Extinto o Psit!!!, e auxiliado por João José dos Reis, lança o 1º número (6 de Abril de 1878) da folha ilustrada, humorística e satírica O Besouro com a seguinte introdução:

" Viva a alegria! Viva a caricatura! Temos arrastado por entre vós uma existência de bicho-da-seda. Ora por cima ora por baixo da folha. Furado o primeiro casulo por falta de água quente para matar o bicho, saiu a borboleta que nasceu e morreu efémera como o nome Psit. Daí a semente que produziu o besouro. Metamorfoseados hoje no corpulento Besouro, com os pulmões bem fornecidos de ar, cravaremos de novo e com segurança a nossa velha bandeira Viveremos muito e viveremos bem se tivermos a fortuna de lhes agradar e de os alegrar. Começamos a zumbir". A promessa prossegue na página 8 do mesmo número: "O Besouro volteará sempre ao redor da luz brilhante de todos os acontecimentos e de todos os casos, sem se queimar".

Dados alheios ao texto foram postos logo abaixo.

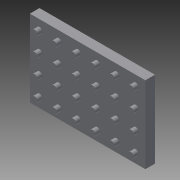
# Autodesk Inventor part: RectangularPattern
Saved by Autodesk Inventor 2015 (Build 190159000, 159)
## iProperties
Created: 2017-12-13
Part Number: RectangularPattern
Material: Generic
Document SubType Name: Modeling
Designer: Administrator
Density: 1 g/cm^3
Appearance: Default
Author: Administrator
Autodesk Inventor part; units mm, degrees
ref_plane "YZ Plane" through (0, 0, 0) normal (1, 0, 0) x (0, 1, 0)
ref_plane "XZ Plane" through (0, 0, 0) normal (0, 1, 0) x (-1, 0, 0)
ref_plane "XY Plane" through (0, 0, 0) normal (0, 0, 1) x (1, 0, 0)
sketch "Sketch1" plane through (0, 0, 0) normal (0, 0, 1) x (1, 0, 0)
  line L0 (1.5875, 101.6) -> (153.9875, 101.6)
  line L1 (153.9875, 101.6) -> (153.9875, 0)
  line L2 (153.9875, 0) -> (1.5875, 0)
  line L3 (1.5875, 0) -> (1.5875, 101.6)
  point P0 (0, 0)
  dimension "d0" = 101.6
  dimension "d1" = 152.4
  constraints: 8 end point, 2 parallel, 1 horizontal, 1 perpendicular
  measures "d0" distance of L2.end L0.start
  measures "d1" distance of L1.end L2.end
extrude "Extrusion1" add sketch "Sketch1" along normal blind 12.7
sketch "Sketch3" plane through (0, 0, 12.7) normal (0, 0, 1) x (1, 0, 0)
  circle A0 centre (14.2875, 12.7) radius 3.81
  line L0 (1.5875, 0) -> (1.5875, 101.6) projected
  line L1 (153.9875, 0) -> (1.5875, 0) projected
  circle A1 centre (14.2875, 38.1) radius 3.81
  circle A2 centre (14.2875, 63.5) radius 3.81
  circle A3 centre (14.2875, 88.9) radius 3.81
  circle A4 centre (39.6875, 12.7) radius 3.81
  circle A5 centre (39.6875, 38.1) radius 3.81
  circle A6 centre (39.6875, 63.5) radius 3.81
  circle A7 centre (39.6875, 88.9) radius 3.81
  circle A8 centre (65.0875, 12.7) radius 3.81
  circle A9 centre (65.0875, 38.1) radius 3.81
  circle A10 centre (65.0875, 63.5) radius 3.81
  circle A11 centre (65.0875, 88.9) radius 3.81
  circle A12 centre (90.4875, 12.7) radius 3.81
  circle A13 centre (90.4875, 38.1) radius 3.81
  circle A14 centre (90.4875, 63.5) radius 3.81
  circle A15 centre (90.4875, 88.9) radius 3.81
  circle A16 centre (115.8875, 12.7) radius 3.81
  circle A17 centre (115.8875, 38.1) radius 3.81
  circle A18 centre (115.8875, 63.5) radius 3.81
  circle A19 centre (115.8875, 88.9) radius 3.81
  circle A20 centre (141.2875, 12.7) radius 3.81
  circle A21 centre (141.2875, 38.1) radius 3.81
  circle A22 centre (141.2875, 63.5) radius 3.81
  circle A23 centre (141.2875, 88.9) radius 3.81
  point P0 (0, 0)
  dimension "d5" = 7.62
  dimension "d6" = 12.7
  dimension "d7" = 12.7
  dimension "d10" = 25.4
  dimension "d13" = 25.4
  constraints: 24 centre point, 1 horizontal, 1 vertical, 46 other
  measures "d5" diameter of A0
  measures "d6" distance from line of L0 A0.centre
  measures "d7" distance from line of L1 A0.centre
  measures "d10" distance of A0.centre A1.centre
  measures "d13" distance of A0.centre A4.centre
extrude "Extrusion2" add sketch "Sketch3" along normal blind 6.35
body "Solid1"
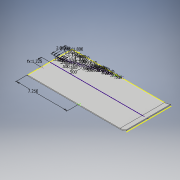
# Autodesk Inventor part: Part2
Saved by Autodesk Inventor 2018 (Build 220112000, 112)
## iProperties
Created: 2018-03-02
Part Number: Part2
Material: Generic
Document SubType Name: Modeling
Designer: 232963
Density: 1 g/cm^3
Appearance: Default
Author: 232963
Autodesk Inventor part; units mm, degrees
ref_plane "YZ Plane" through (0, 0, 0) normal (1, 0, 0) x (0, 1, 0)
ref_plane "XZ Plane" through (0, 0, 0) normal (0, 1, 0) x (-1, 0, 0)
ref_plane "XY Plane" through (0, 0, 0) normal (0, 0, 1) x (1, 0, 0)
sketch "Sketch1" plane through (0, 0, 0) normal (0, 0, 1) x (1, 0, 0)
  line L0 (-24.821, 0) -> (308.554, 0)
  line L1 (330.779, 6.35) -> (330.779, 9.144)
  line L2 (-24.821, 2.794) -> (-24.821, 0)
  arc A0 (308.554, 2.794) -> (330.779, 9.144) centre (308.4605, 45.1902) ccw
  arc A1 (308.554, 0) -> (330.779, 6.35) centre (308.4605, 42.3962) ccw
  line L3 (-24.821, 2.794) -> (308.554, 2.794)
  point P0 (0, 0)
  constraints: 8 end point, 4 point on circle, 2 centre point, 1 horizontal, 1 parallel, 1 perpendicular, 1 other
extrude "Extrusion1" add sketch "Sketch1" along normal blind 160.3375
sketch "Sketch2" plane through (-24.821, 2.794, 0) normal (0, 1, 0) x (1, 0, 0)
  line L0 (355.6, 0) -> (355.6, -160.3375) projected
  line L1 (0, 0) -> (0, -160.3375) projected
  line L2 (0, -80.1688) -> (355.6, -80.1688)
  line L3 (333.375, 0) -> (0, 0) projected
  line L4 (0, 0) -> (333.375, 0) projected
  point P0 (24.821, 0)
  point P1 (0, -111.2838)
  point P2 (184.15, -160.3375)
  point P3 (0, -52.4002)
  point P4 (6.35, -50.8)
  point P5 (12.7, -49.6824)
  point P6 (19.05, -47.244)
  point P7 (25.4, -45.72)
  point P8 (63.5, -33.02)
  point P9 (31.75, -44.45)
  point P10 (38.1, -41.91)
  point P11 (50.8, -36.83)
  point P12 (76.2, -27.94)
  point P13 (88.9, -24.13)
  point P14 (101.6, -19.05)
  point P15 (114.3, -13.97)
  point P16 (127, -10.16)
  point P17 (139.7, -7.62)
  point P18 (152.4, -3.81)
  point P19 (165.1, -2.54)
  point P20 (177.8, 0)
  point P21 (44.45, -39.37)
  point P22 (69.85, -30.48)
  point P23 (82.55, -25.4)
  point P24 (95.25, -21.59)
  point P25 (107.95, -16.51)
  point P26 (120.65, -12.7)
  point P27 (133.35, -8.89)
  point P28 (146.05, -5.08)
  point P29 (159.4552, -4.424)
  point P30 (171.2115, -1.9186)
  point P31 (57.15, -35.56)
  dimension "d8" = 31.115
  dimension "d9" = 184.15
  dimension "d12" = 52.4002
  dimension "d13" = 50.8
  dimension "d14" = 49.6824
  dimension "d15" = 47.244
  dimension "d16" = 6.35
  dimension "d17" = 6.35
  dimension "d18" = 6.35
  dimension "d19" = 6.35
  dimension "d20" = 45.72
  dimension "d29" = 44.45
  dimension "d30" = 6.35
  dimension "d31" = 41.91
  dimension "d32" = 36.83
  dimension "d33" = 12.7
  dimension "d34" = 6.35
  dimension "d35" = 33.02
  dimension "d36" = 12.7
  dimension "d37" = 27.94
  dimension "d38" = 12.7
  dimension "d39" = 24.13
  dimension "d40" = 19.05
  dimension "d41" = 12.7
  dimension "d42" = 12.7
  dimension "d43" = 13.97
  dimension "d44" = 12.7
  dimension "d45" = 10.16
  dimension "d46" = 12.7
  dimension "d47" = 7.62
  dimension "d48" = 12.7
  dimension "d49" = 3.81
  dimension "d50" = 12.7
  dimension "d51" = 2.54
  dimension "d52" = 12.7
  dimension "d53" = 12.7
  dimension "d54" = 39.37
  dimension "d55" = 6.35
  dimension "d56" = 35.56
  dimension "d57" = 30.48
  dimension "d58" = 6.35
  dimension "d59" = 6.35
  dimension "d60" = 25.4
  dimension "d61" = 6.35
  dimension "d62" = 21.59
  dimension "d63" = 6.35
  dimension "d64" = 16.51
  dimension "d65" = 12.7
  dimension "d66" = 6.35
  dimension "d67" = 6.35
  dimension "d68" = 8.89
  dimension "d69" = 6.35
  dimension "d70" = 5.08
  dimension "d71" = 6.35
  constraints: 3 point on line, 2 end point, 2 midpoint
  measures "d8" distance of point (0, -111.284) L2.start
  measures "d9" distance of L1.end point (184.15, -160.338)
  measures "d12" distance from line of L3 point (0, -52.4)
  measures "d13" distance from line of L3 point (6.35, -50.8)
  measures "d14" distance from line of L3 point (12.7, -49.682)
  measures "d15" distance from line of L3 point (19.05, -47.244)
  measures "d16" horizontal distance of point (6.35, -50.8) point (0, -52.4)
  measures "d17" horizontal distance of point (12.7, -49.682) point (6.35, -50.8)
  measures "d18" horizontal distance of point (12.7, -49.682) point (19.05, -47.244)
  measures "d19" horizontal distance of point (25.4, -45.72) point (19.05, -47.244)
  measures "d20" distance from line of L3 point (25.4, -45.72)
  measures "d29" distance from line of L3 point (31.75, -44.45)
  measures "d30" horizontal distance of point (31.75, -44.45) point (25.4, -45.72)
  measures "d31" distance from line of L3 point (38.1, -41.91)
  measures "d32" distance from line of L3 point (50.8, -36.83)
  measures "d33" horizontal distance of point (38.1, -41.91) point (50.8, -36.83)
  measures "d34" horizontal distance of point (38.1, -41.91) point (31.75, -44.45)
  measures "d35" distance from line of L3 point (63.5, -33.02)
  measures "d36" horizontal distance of point (50.8, -36.83) point (63.5, -33.02)
  measures "d37" distance from line of L3 point (76.2, -27.94)
  measures "d38" horizontal distance of point (63.5, -33.02) point (76.2, -27.94)
  measures "d39" distance from line of L3 point (88.9, -24.13)
  measures "d40" distance from line of L3 point (101.6, -19.05)
  measures "d41" horizontal distance of point (88.9, -24.13) point (76.2, -27.94)
  measures "d42" horizontal distance of point (88.9, -24.13) point (101.6, -19.05)
  measures "d43" distance from line of L3 point (114.3, -13.97)
  measures "d44" horizontal distance of point (101.6, -19.05) point (114.3, -13.97)
  measures "d45" distance from line of L3 point (127, -10.16)
  measures "d46" horizontal distance of point (114.3, -13.97) point (127, -10.16)
  measures "d47" distance from line of L3 point (139.7, -7.62)
  measures "d48" horizontal distance of point (127, -10.16) point (139.7, -7.62)
  measures "d49" distance from line of L3 point (152.4, -3.81)
  measures "d50" horizontal distance of point (139.7, -7.62) point (152.4, -3.81)
  measures "d51" distance from line of L3 point (165.1, -2.54)
  measures "d52" horizontal distance of point (152.4, -3.81) point (165.1, -2.54)
  measures "d53" horizontal distance of point (165.1, -2.54) point (177.8, 0)
  measures "d54" distance from line of point (44.45, -39.37) L4
  measures "d55" horizontal distance of point (38.1, -41.91) point (44.45, -39.37)
  measures "d56" distance from line of L3 point (57.15, -35.56)
  measures "d57" distance from line of L3 point (69.85, -30.48)
  measures "d58" horizontal distance of point (76.2, -27.94) point (69.85, -30.48)
  measures "d59" horizontal distance of point (50.8, -36.83) point (57.15, -35.56)
  measures "d60" distance from line of L3 point (82.55, -25.4)
  measures "d61" horizontal distance of point (88.9, -24.13) point (82.55, -25.4)
  measures "d62" distance from line of L3 point (95.25, -21.59)
  measures "d63" horizontal distance of point (88.9, -24.13) point (95.25, -21.59)
  measures "d64" distance from line of L3 point (107.95, -16.51)
  measures "d65" distance from line of L3 point (120.65, -12.7)
  measures "d66" horizontal distance of point (114.3, -13.97) point (120.65, -12.7)
  measures "d67" horizontal distance of point (101.6, -19.05) point (107.95, -16.51)
  measures "d68" distance from line of L3 point (133.35, -8.89)
  measures "d69" horizontal distance of point (127, -10.16) point (133.35, -8.89)
  measures "d70" distance from line of L3 point (146.05, -5.08)
  measures "d71" horizontal distance of point (139.7, -7.62) point (146.05, -5.08)
equation "\"d8\" = d7"
equation "\"d7\" = 31.115"
body "Solid1"

Nele surge pela primeira vez um novo tipo-emblemático, o Fagundes, imagem do político brasileiro medíocre e oportunista. Uma provocação que foi ripostada por um pedido do Barão do Lavradio ao Senado para que fossem aprovadas medidas repressivas contra os estrangeiros que iam para o Brasil, descalços e de jaqueta de trinta botões, para fazer fortuna e que pagavam a sua hospitalidade com a agressão e com o escândalo. Rafael não se fez rogado, criou o personagem Manel Trinta Botões e, dois dias depois, vestido com um jaquetão azul abotoado com 30 enormes botões e calças brancas (cores da bandeira portuguesa durante a Monarquia), andou pelas principais ruas da cidade. A crítica sempre afiada e a independência política produziu provavelmente o editorial mais mordaz do jornalismo bordaliano.

Somos liberaes (nº 5 de Outubro de 1878):

Quando nos curvamos, como hoje, diante do Sr. Leoncio de Carvalho, e o felicitamos pelo cuidado e esforços que emprega para evitar as fataes epidemias deste paiz, pelas suas idéas avançadas com respeito á instrucção publica e ensino obrigatorio, e pelo muito que está fazendo pela educação. E' um político que por agora se esquece de si para só lembrar-se do seu paiz. - E' raro! - Honra lhe seja! - Nem parece um Ministro!

Somos liberaes com o Sr. Leoncio, como o seremos com todos os que procederem com o desinteresse de S. Ex. Não somos liberaes, quando o partido se faz apenas valer pelos seus chás de familia - com BISCOITINHOS... Desta vez o Besouro comeu bola do partido liberal. Como comeu a semana passada do partido conservador.

A proposito de bolas cabe-nos fazer aqui um pedido a todos os que, por ignorancia ou malvadez, se ocupam em propalar injurias. O pedido é o seguinte: o favor de não medirem o nosso caracter pela craveira dos vossos. A vossa altura é a do estomago; a nossa é um pouco mais elevada. Agora uma explicação: não estamos filiados a nenhum partido; se o estivessemos, não seriamos de certo conservadores nem liberaes. A nossa bandeira é a Verdade. Não recebemos inspirações de quem quer que seja e se alguem se serve do nosso nome para offerecer serviços, que só prestamos á nossa consciencia e ao nosso dever, - esse alguem é um infame impostor que mente.

A razão porque não applaudimos a cunhadite é a mesma porque não applaudimos a commandita Masset & C. Tanto valem para nós uns como outros.

O despedimento voluntário de dois colaboradores, por causa do explosivo e quadriculado folheto O Besouro de Chicote, em resposta a uma insinuação* de Angelo Agostini (desenhador apreciado pelas histórias aos quadradinhos), e duas tentativas de assassinato, obrigaram Rafael a cancelar a publicação da revista em Março de 1879 e a regressar a Portugal.

*Intrigas no bairro da caricatura in Besouro (7 de Dezembro de 1878):

Ha pouco deu-se na rebista um equivoco a meu respeito; logo veio a explicação amavel, que eu transcrevo agora a proposito do equivoco que se dá a vosso respeito.

Dizia: «Intrigas - Procuram intrigar-nos com o nosso collega Angelo Agostini. Desde que conhecemos Angelo Agostini, foi sempre por nós tratado com a maior consideração, não fazendo mais com isso sinão render homenagem ao seu talento e sempre entretivemos com elle relações amigaveis. Se ha carapuça n'algum trecho do Besouro, o Angelo sabe perfeitamente que ella não lhe assenta. O melhor, pois, é rir dessas pequenas intrigas. Não acha, collega?»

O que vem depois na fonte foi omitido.